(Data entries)
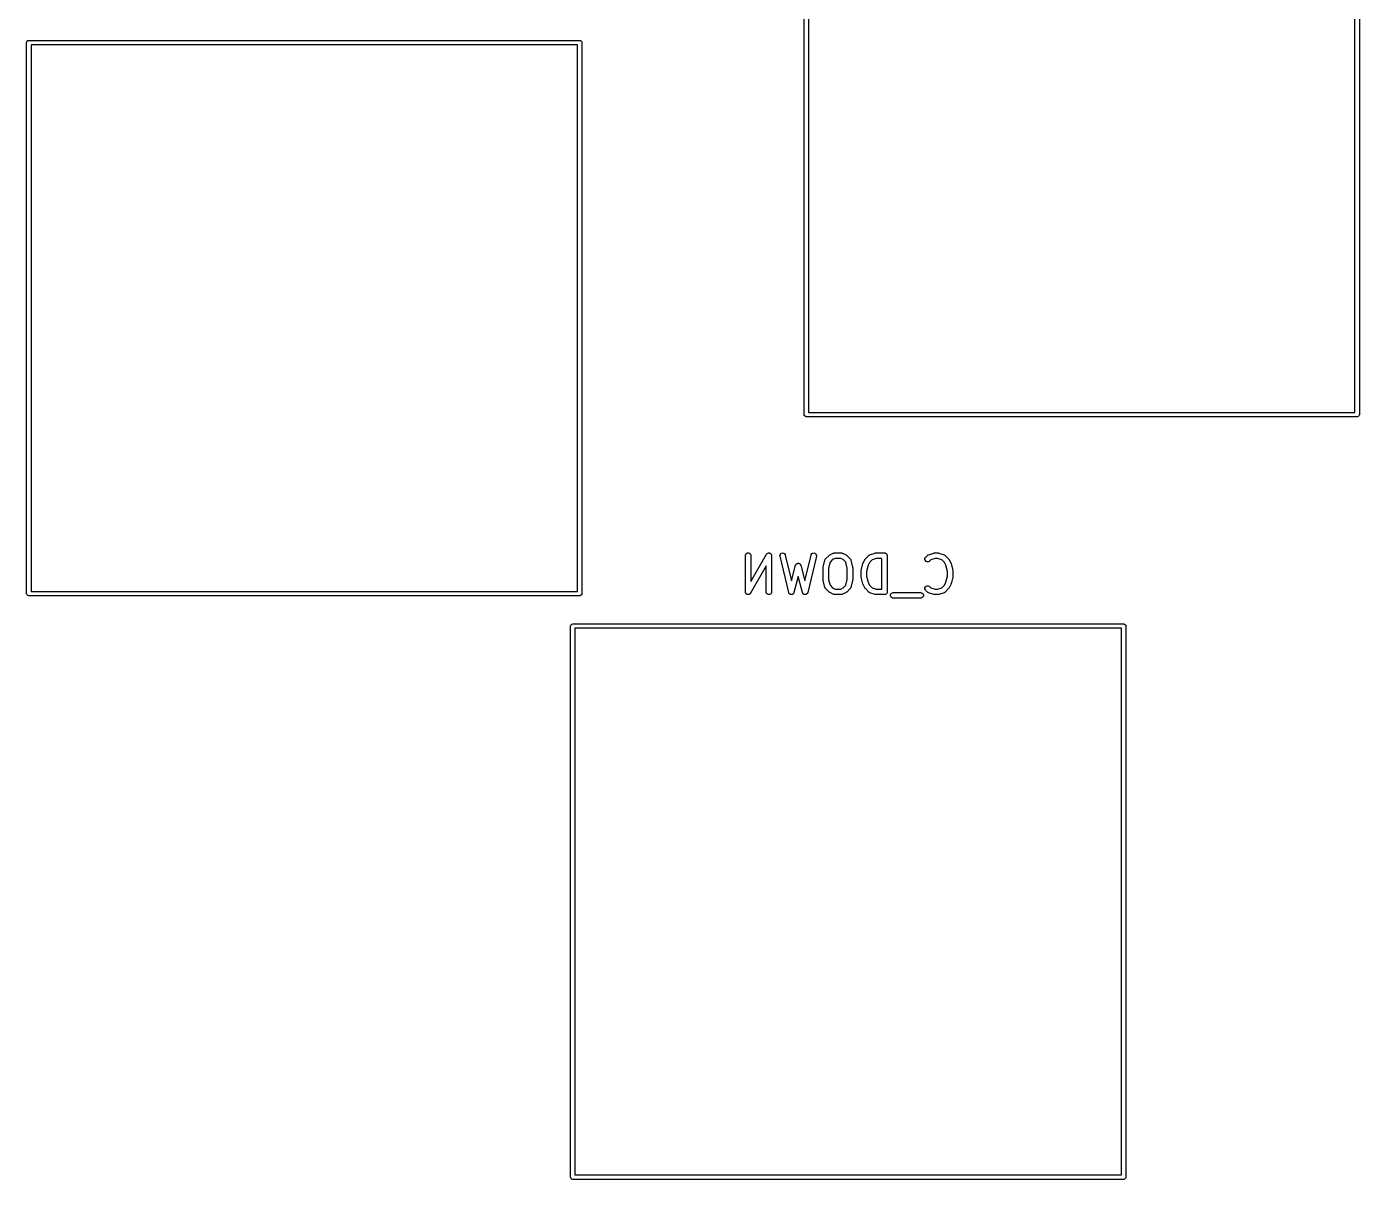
# Model space of a CAD drawing. Extents: x 53 to 260, y -149 to -35.
# Drawn here: x 223.05 to 259.81, y -148.11 to -116.32 of the extents above; entities that cross this region are included whole.
import ezdxf

# ---------------------------------------------------------------- set-up
doc = ezdxf.new("R2010")
doc.units = 0
doc.layers.add('BLACK', color=7, linetype='CONTINUOUS')

msp = doc.modelspace()

# ---------------------------------------------------------------- linework, layer by layer
at = {"layer": 'BLACK', "linetype": 'CONTINUOUS'}
for p, q in [((244.494784, -127.01941), (244.494784, -111.81941)), ((244.614784, -111.87941), (244.614784, -126.95941)), ((259.694784, -126.95941), (259.694784, -111.87941)), ((259.814784, -111.81941), (259.814784, -127.01941)), ((223.046292, -116.75768), (223.050859, -116.734719)), ((223.046292, -131.95768), (223.046292, -116.75768)), ((223.050859, -116.734719), (223.083331, -116.702247)), ((223.083331, -116.702247), (223.106292, -116.69768)), ((223.106292, -116.69768), (238.306292, -116.69768)), ((223.166292, -116.81768), (223.166292, -131.89768)), ((238.246292, -116.81768), (223.166292, -116.81768)), ((238.246292, -131.89768), (238.246292, -116.81768)), ((238.306292, -116.69768), (238.329253, -116.702247)), ((238.329253, -116.702247), (238.361725, -116.734719)), ((238.361725, -116.734719), (238.366292, -116.75768)), ((238.366292, -116.75768), (238.366292, -131.95768)), ((244.499351, -127.042371), (244.494784, -127.01941)), ((244.531823, -127.074843), (244.499351, -127.042371)), ((244.554784, -127.07941), (244.531823, -127.074843)), ((259.754784, -127.07941), (244.554784, -127.07941)), ((244.614784, -126.95941), (259.694784, -126.95941)), ((259.777745, -127.074843), (259.754784, -127.07941)), ((259.810217, -127.042371), (259.777745, -127.074843)), ((259.814784, -127.01941), (259.810217, -127.042371)), ((242.877483, -130.909469), (242.878924, -130.894837)), ((242.878924, -130.894837), (242.890123, -130.867801)), ((242.890123, -130.867801), (242.910815, -130.847109)), ((242.910815, -130.847109), (242.937851, -130.83591)), ((242.937851, -130.83591), (242.967115, -130.83591)), ((242.967115, -130.83591), (242.994151, -130.847109)), ((242.994151, -130.847109), (243.014843, -130.867801)), ((243.014843, -130.867801), (243.026042, -130.894837)), ((243.026042, -130.894837), (243.027483, -130.909469)), ((243.027483, -131.627052), (243.458793, -130.872258)), ((243.458793, -130.872258), (243.460982, -130.869173)), ((243.460982, -130.869173), (243.461551, -130.867801)), ((243.461551, -130.867801), (243.462948, -130.866403)), ((243.462948, -130.866403), (243.467303, -130.860269)), ((243.467303, -130.860269), (243.475191, -130.85416)), ((243.475191, -130.85416), (243.482243, -130.847109)), ((243.482243, -130.847109), (243.486661, -130.845278)), ((243.486661, -130.845278), (243.490441, -130.842352)), ((243.490441, -130.842352), (243.500062, -130.839727)), ((243.500062, -130.839727), (243.509279, -130.83591)), ((243.509279, -130.83591), (243.51406, -130.83591)), ((243.51406, -130.83591), (243.518672, -130.834652)), ((243.518672, -130.834652), (243.528569, -130.83591)), ((243.528569, -130.83591), (243.538543, -130.83591)), ((243.538543, -130.83591), (243.542958, -130.837739)), ((243.542958, -130.837739), (243.547702, -130.838342)), ((243.547702, -130.838342), (243.556366, -130.843292)), ((243.556366, -130.843292), (243.565579, -130.847109)), ((243.565579, -130.847109), (243.568957, -130.850487)), ((243.568957, -130.850487), (243.573111, -130.852861)), ((243.573111, -130.852861), (243.57922, -130.86075)), ((243.57922, -130.86075), (243.586271, -130.867801)), ((243.586271, -130.867801), (243.5881, -130.872217)), ((243.5881, -130.872217), (243.591028, -130.875998)), ((243.591028, -130.875998), (243.593652, -130.885621)), ((243.593652, -130.885621), (243.59747, -130.894837)), ((243.59747, -130.894837), (243.598206, -130.902319)), ((243.829916, -130.912273), (243.834549, -130.883378)), ((243.834549, -130.883378), (243.849885, -130.858456)), ((243.849885, -130.858456), (243.873592, -130.841299)), ((243.873592, -130.841299), (243.90206, -130.834521)), ((243.90206, -130.834521), (243.930955, -130.839154)), ((243.930955, -130.839154), (243.955877, -130.85449)), ((243.955877, -130.85449), (243.973034, -130.878197)), ((243.973034, -130.878197), (243.977824, -130.892097)), ((243.977824, -130.892097), (244.147075, -131.602953)), ((244.519794, -131.602953), (244.689046, -130.892097)), ((244.689046, -130.892097), (244.693836, -130.878197)), ((244.693836, -130.878197), (244.710993, -130.85449)), ((244.710993, -130.85449), (244.735915, -130.839154)), ((244.735915, -130.839154), (244.76481, -130.834521)), ((244.76481, -130.834521), (244.793278, -130.841299)), ((244.793278, -130.841299), (244.816985, -130.858456)), ((244.816985, -130.858456), (244.832321, -130.883378)), ((244.832321, -130.883378), (244.836954, -130.912273)), ((245.194467, -130.896418), (245.196529, -130.894727)), ((245.196529, -130.894727), (245.198361, -130.893968)), ((245.198361, -130.893968), (245.204656, -130.890006)), ((245.204656, -130.890006), (245.299894, -130.842387)), ((245.299894, -130.842387), (245.313625, -130.837132)), ((245.313625, -130.837132), (245.316314, -130.83694)), ((245.316314, -130.83694), (245.318803, -130.83591)), ((245.318803, -130.83591), (245.333435, -130.834469)), ((245.333435, -130.834469), (245.523911, -130.834469)), ((245.523911, -130.834469), (245.538543, -130.83591)), ((245.538543, -130.83591), (245.541032, -130.836941)), ((245.541032, -130.836941), (245.54372, -130.837132)), ((245.54372, -130.837132), (245.557452, -130.842387)), ((245.557452, -130.842387), (245.65269, -130.890006)), ((245.65269, -130.890006), (245.658989, -130.89397)), ((245.658989, -130.89397), (245.660817, -130.894728)), ((245.660817, -130.894728), (245.662873, -130.896416)), ((246.280402, -130.904055), (246.291767, -130.894727)), ((246.291767, -130.894727), (246.294257, -130.893695)), ((246.294257, -130.893695), (246.296292, -130.891931)), ((246.296292, -130.891931), (246.309718, -130.885937)), ((246.309718, -130.885937), (246.452574, -130.838318)), ((246.452574, -130.838318), (246.459829, -130.836668)), ((246.459829, -130.836668), (246.46166, -130.83591)), ((246.46166, -130.83591), (246.464313, -130.835648)), ((246.464313, -130.835648), (246.466911, -130.835058)), ((246.466911, -130.835058), (246.468885, -130.835198)), ((246.468885, -130.835198), (246.476292, -130.834469)), ((246.476292, -130.834469), (246.714387, -130.834469)), ((246.714387, -130.834469), (246.729019, -130.83591)), ((246.729019, -130.83591), (246.756055, -130.847109)), ((246.756055, -130.847109), (246.776747, -130.867801)), ((246.776747, -130.867801), (246.787946, -130.894837)), ((246.787946, -130.894837), (246.789387, -130.909469)), ((247.89945, -130.904055), (247.910815, -130.894728)), ((247.910815, -130.894728), (247.913303, -130.893697)), ((247.913303, -130.893697), (247.91534, -130.891931)), ((247.91534, -130.891931), (247.928766, -130.885937)), ((247.928766, -130.885937), (248.071622, -130.838318)), ((248.071622, -130.838318), (248.078877, -130.836668)), ((248.078877, -130.836668), (248.080708, -130.83591)), ((248.080708, -130.83591), (248.083361, -130.835648)), ((248.083361, -130.835648), (248.085959, -130.835058)), ((248.085959, -130.835058), (248.087933, -130.835198)), ((248.087933, -130.835198), (248.09534, -130.834469)), ((248.09534, -130.834469), (248.190578, -130.834469)), ((248.190578, -130.834469), (248.197983, -130.835198)), ((248.197983, -130.835198), (248.199958, -130.835058)), ((248.199958, -130.835058), (248.202555, -130.835648)), ((248.202555, -130.835648), (248.20521, -130.83591)), ((248.20521, -130.83591), (248.207041, -130.836668)), ((248.207041, -130.836668), (248.214295, -130.838318)), ((248.214295, -130.838318), (248.357152, -130.885937)), ((248.357152, -130.885937), (248.370577, -130.891931)), ((248.370577, -130.891931), (248.372612, -130.893696)), ((248.372612, -130.893696), (248.375103, -130.894728)), ((248.375103, -130.894728), (248.386468, -130.904055)), ((242.877483, -131.909469), (242.877483, -130.909469)), ((243.448911, -131.191885), (243.017601, -131.946679)), ((243.027483, -130.909469), (243.027483, -131.627052)), ((243.448911, -131.909469), (243.448911, -131.191885)), ((243.598206, -130.902319), (243.598728, -130.90423)), ((243.598728, -130.90423), (243.59854, -130.905705)), ((243.59854, -130.905705), (243.598911, -130.909469)), ((243.598911, -130.909469), (243.598911, -131.909469)), ((243.831904, -130.926841), (243.829916, -130.912273)), ((244.069999, -131.926841), (243.831904, -130.926841)), ((244.147075, -131.602953), (244.260967, -131.175858)), ((244.260967, -131.175858), (244.262252, -131.172429)), ((244.262252, -131.172429), (244.262444, -131.17099)), ((244.262444, -131.17099), (244.263433, -131.16928)), ((244.263433, -131.16928), (244.26613, -131.162091)), ((244.26613, -131.162091), (244.272147, -131.15423)), ((244.272147, -131.15423), (244.277106, -131.145665)), ((244.277106, -131.145665), (244.280963, -131.142712)), ((244.280963, -131.142712), (244.283917, -131.138854)), ((244.283917, -131.138854), (244.292484, -131.133893)), ((244.292484, -131.133893), (244.300344, -131.127878)), ((244.300344, -131.127878), (244.305036, -131.126626)), ((244.305036, -131.126626), (244.309242, -131.124192)), ((244.309242, -131.124192), (244.319059, -131.122887)), ((244.319059, -131.122887), (244.32862, -131.120338)), ((244.32862, -131.120338), (244.333432, -131.120977)), ((244.333432, -131.120977), (244.338251, -131.120337)), ((244.338251, -131.120337), (244.347821, -131.122889)), ((244.347821, -131.122889), (244.357628, -131.124192)), ((244.357628, -131.124192), (244.361829, -131.126624)), ((244.361829, -131.126624), (244.366526, -131.127877)), ((244.366526, -131.127877), (244.374388, -131.133895)), ((244.374388, -131.133895), (244.382953, -131.138854)), ((244.382953, -131.138854), (244.385905, -131.142711)), ((244.385905, -131.142711), (244.389764, -131.145665)), ((244.389764, -131.145665), (244.394725, -131.154233)), ((244.394725, -131.154233), (244.40074, -131.162092)), ((244.40074, -131.162092), (244.403434, -131.169276)), ((244.403434, -131.169276), (244.404426, -131.170989)), ((244.404426, -131.170989), (244.404617, -131.17243)), ((244.404617, -131.17243), (244.405903, -131.175858)), ((244.405903, -131.175858), (244.519794, -131.602953)), ((244.834966, -130.92684), (244.596871, -131.926841)), ((244.836954, -130.912273), (244.834966, -130.92684)), ((245.02034, -131.242802), (245.020591, -131.240248)), ((245.02034, -131.576135), (245.02034, -131.242802)), ((245.020429, -131.239156), (245.021238, -131.233682)), ((245.020591, -131.240248), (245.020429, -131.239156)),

Assigned task: Would you give the number of lines above that hold "BLACK"? Only the number is needed.

Output for this task: 2